Devlin, K., (2000) The Maths Gene, Why Everyone Has It, But Most People Don’t Use It. London: Weidenfeld & Nicolson
Richer, É. (no date). PlanetMath [online]. [cited 12th January 2010]. http://planetmath.org/encyclopedia/NicolasBourbaki.html
Stewart, I. (1998). Nature’s Numbers: Discovering Order and Pattern in the Universe.London: Phoenix.

Foot Loose! Fibonacci

Yet another pair of socks for my mightily hoofed offspring. Ye gods I am bored with this sock business. The only thing they have going for them is that they are handy bus projects for my 10-minute commute. But I shall persevere until he has a reasonable supply – by which time he’ll probably need bigger socks – because today, for the first time EVAR, he has been willing, nay, demanding to wear something I’ve made him – yes, these socks. Ripped from my hands as I tried to finish weaving in the ends, which is nice because it’s not my favourite task, with shouts of “Mommy, put a socks on!” Guess they won’t get blocked for a while then. He pootled around the house until bedtime, when he adamantly refused to have them taken off. Half an hour after we put him to bed, I looked in on him. He was sitting on the floor, facing the window, chatting to his socks…
Again based on the Lion Brand pattern but modified for gauge as described previously, these are the Fibonacci socks I mentioned. So what’s Fibonacci when it’s at home? Well, HE discovered a sequence of numbers where each number is the sum of the two preceding numbers, hence 0,1,1,2,3,5,8,13,21, etc. So what? So, most flowers have a ‘Fibonacci’ number of petals. Fibonacci numbers also show up in the shapes of coastlines and clouds and other natural phenomena. Also, if you divide each number by the previous number, you get a result that is very close to the Golden Number/Section/Phi/Divine Proportion (1.618), whereby all sorts of The Weird And The Wonderful… ~Cue Twilight Zone music~. It’s all terribly amazing until you realise that mathematics exists to describe the universe. So it’s not exactly surprising when the universe just happens to conform with the maths, is it?

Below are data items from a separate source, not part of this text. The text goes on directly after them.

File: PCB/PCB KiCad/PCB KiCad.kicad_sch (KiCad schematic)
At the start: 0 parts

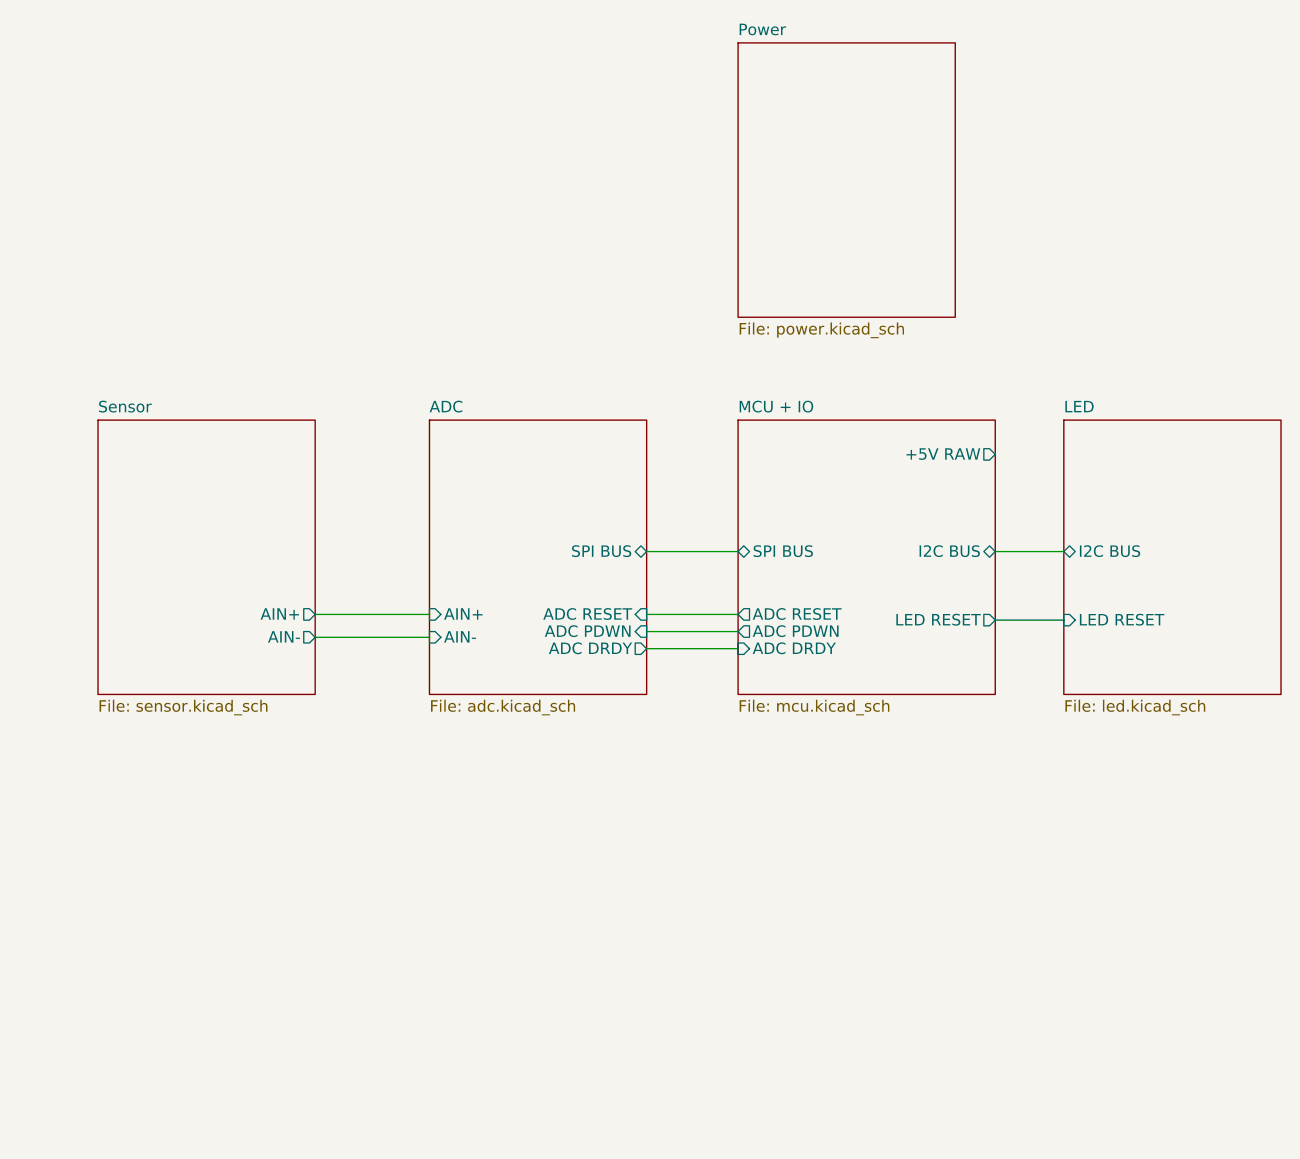
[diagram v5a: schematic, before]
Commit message: Satisfy the overdemanding attention hungry ERC monster
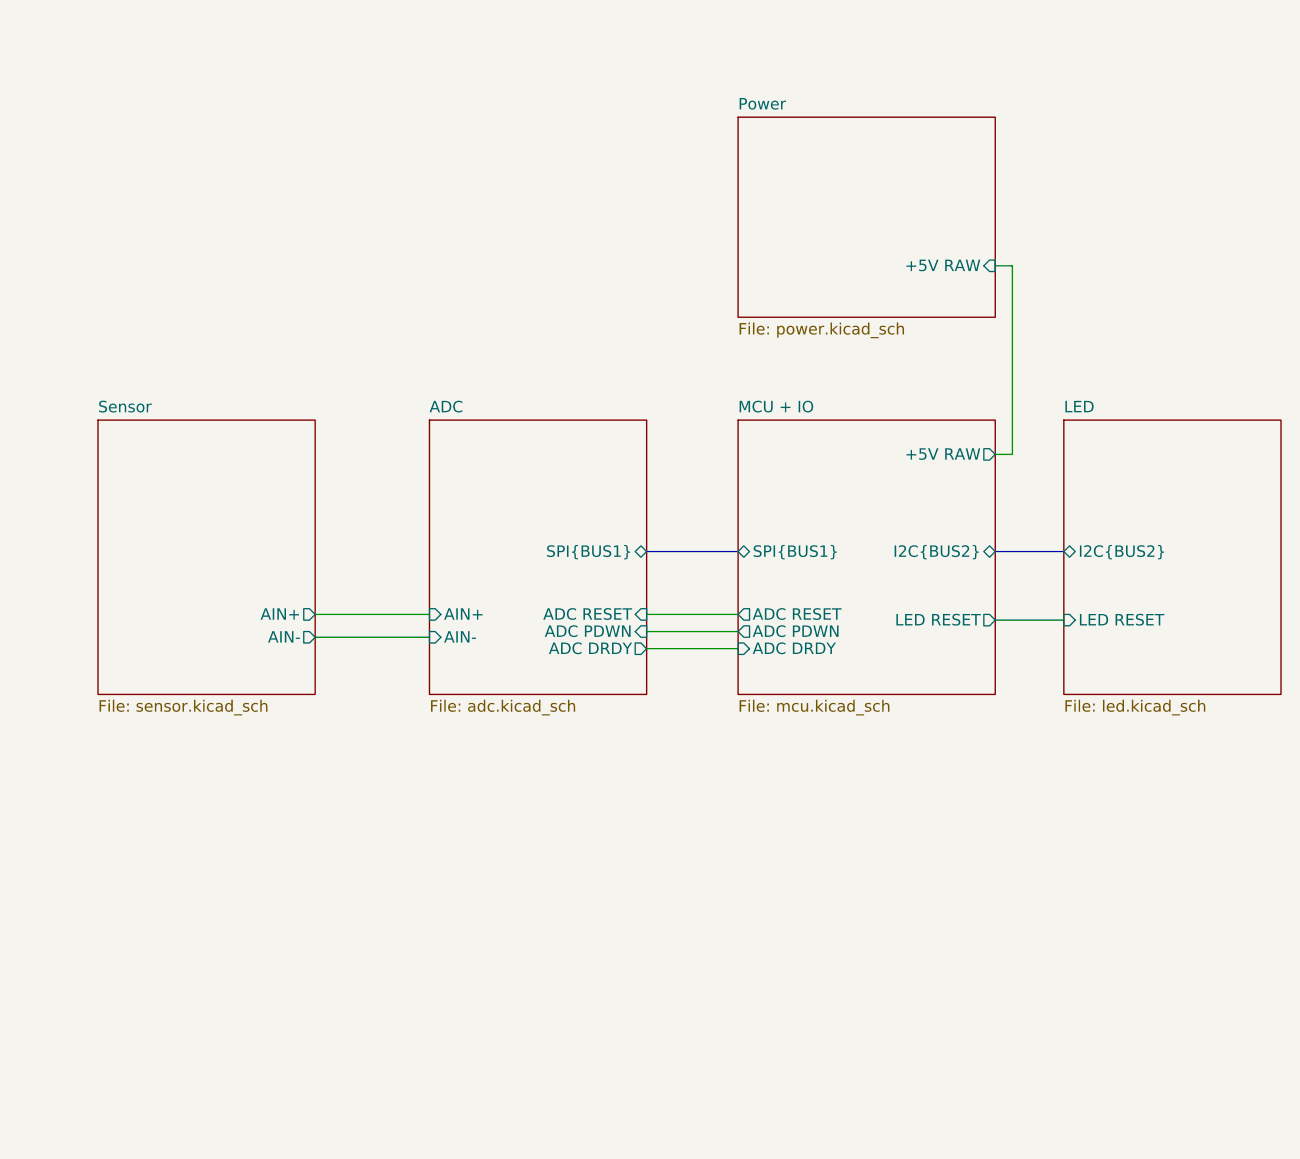
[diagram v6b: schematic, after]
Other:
- sheet ADC ports: added SPI{BUS1}; removed SPI BUS
- sheet LED ports: added I2C{BUS2}; removed I2C BUS
- sheet MCU + IO ports: added I2C{BUS2}, SPI{BUS1}; removed I2C BUS, SPI BUS
- sheet Power ports: added +5V RAW; removed none
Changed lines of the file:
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@@
 (kicad_sch (version 20211123) (generator eeschema)
   (paper "A4")
+  (bus (pts (xy 168.275 92.075) (xy 175.895 92.075))
+    (stroke (width 0) (type default) (color 0 0 0 0))
+  )
   (wire (pts (xy 92.71 99.06) (xy 105.41 99.06))
     (stroke (width 0) (type default) (color 0 0 0 0))
@@
     (stroke (width 0) (type default) (color 0 0 0 0))
   )
+  (wire (pts (xy 168.275 81.28) (xy 170.18 81.28))
+    (stroke (width 0) (type default) (color 0 0 0 0))
+  )
+  (wire (pts (xy 170.18 81.28) (xy 170.18 60.325))
+    (stroke (width 0) (type default) (color 0 0 0 0))
+  )
+  (bus (pts (xy 129.54 92.075) (xy 139.7 92.075))
+    (stroke (width 0) (type default) (color 0 0 0 0))
+  )
+  (wire (pts (xy 168.275 60.325) (xy 170.18 60.325))
+    (stroke (width 0) (type default) (color 0 0 0 0))
+  )
   (wire (pts (xy 168.275 99.695) (xy 175.895 99.695))
     (stroke (width 0) (type default) (color 0 0 0 0))
@@
   )
   (wire (pts (xy 129.54 100.965) (xy 139.7 100.965))
-    (stroke (width 0) (type default) (color 0 0 0 0))
-  )
-  (wire (pts (xy 129.54 92.075) (xy 139.7 92.075))
-    (stroke (width 0) (type default) (color 0 0 0 0))
-  )
-  (wire (pts (xy 168.275 92.075) (xy 175.895 92.075))
     (stroke (width 0) (type default) (color 0 0 0 0))
   )
@@
       (effects (font (size 1.27 1.27)) (justify left))
     )
-    (pin "I2C BUS" bidirectional (at 175.895 92.075 180)
+    (pin "I2C{BUS2}" bidirectional (at 175.895 92.075 180)
       (effects (font (size 1.27 1.27)) (justify left))
     )
   )
-  (sheet (at 139.7 35.56) (size 24.13 30.48) (fields_autoplaced)
+  (sheet (at 139.7 43.815) (size 28.575 22.225) (fields_autoplaced)
     (stroke (width 0.1524) (type solid) (color 0 0 0 0))
     (fill (color 0 0 0 0.0000))
-    (property "Sheet name" "Power" (id 0) (at 139.7 34.8484 0)
+    (property "Sheet name" "Power" (id 0) (at 139.7 43.1034 0)
       (effects (font (size 1.27 1.27)) (justify left bottom))
     )
     (property "Sheet file" "power.kicad_sch" (id 1) (at 139.7 66.6246 0)
       (effects (font (size 1.27 1.27)) (justify left top))
+    )
+    (pin "+5V RAW" input (at 168.275 60.325 0)
+      (effects (font (size 1.27 1.27)) (justify right))
     )
   )
@@
       (effects (font (size 1.27 1.27)) (justify right))
     )
-    (pin "SPI BUS" bidirectional (at 129.54 92.075 0)
+    (pin "SPI{BUS1}" bidirectional (at 129.54 92.075 0)
       (effects (font (size 1.27 1.27)) (justify right))
     )
@@
       (effects (font (size 1.27 1.27)) (justify left top))
     )
-    (pin "SPI BUS" bidirectional (at 139.7 92.075 180)
+    (pin "SPI{BUS1}" bidirectional (at 139.7 92.075 180)
       (effects (font (size 1.27 1.27)) (justify left))
     )
@@
       (effects (font (size 1.27 1.27)) (justify right))
     )
-    (pin "I2C BUS" bidirectional (at 168.275 92.075 0)
+    (pin "I2C{BUS2}" bidirectional (at 168.275 92.075 0)
       (effects (font (size 1.27 1.27)) (justify right))
     )
@@
     )
     (path "/5869e7b3-0d61-455b-97ad-e4e8b4829f27/5502c0bc-fe0c-4e2b-abdd-d0e80e73da9e"
-      (reference "#FLG?") (unit 1) (value "PWR_FLAG") (footprint "")
-    )
-    (path "/5869e7b3-0d61-455b-97ad-e4e8b4829f27/979cd9d8-655c-43a9-9497-f94042a6489d"
-      (reference "#FLG?") (unit 1) (value "PWR_FLAG") (footprint "")
+      (reference "#FLG0104") (unit 1) (value "PWR_FLAG") (footprint "")
     )
     (path "/98df1e87-3735-4cb9-8253-663f6eb2234f/6cc4df4c-9ea0-45fa-baa8-a5dff84d9cc0"

It is a little sad that this glorious stuff is too complicated to explain to kids who think maths is boring.

I have also – in two days! – completed a Valkyrie helmet for my cousin’s daughter Anna, who is a cute chubby little Brunhilde. It’s based on a Viking Girl Hat I saw on Ravelry. However the thought of forking over $24.50 for a kit had the predictable effect on my bowels, so I reverse-engineered it from the photos. I couldn’t tell for sure if there were horns or wings on it in the photos, but as a Viking re-enactor, I couldn’t in conscience put horns on it so wings they are.

I wanted a smooth, helm-like shape with no obvious decreases. To get this, I phase-shifted the decreases on each round (i.e., starting at the 1st stitch on one dec round, and on the 7th, 5th, 3rd stitch on the alternate dec round). The plaits are i-corded, though I thought about French-knitting them. In the end, though, I had the dpns in my hand, but the bobbins were somewhere in my knitting boxes…

(Modelled by my vintage fully-working Oopsie Daisy, with original outfit, for those interested in such things.)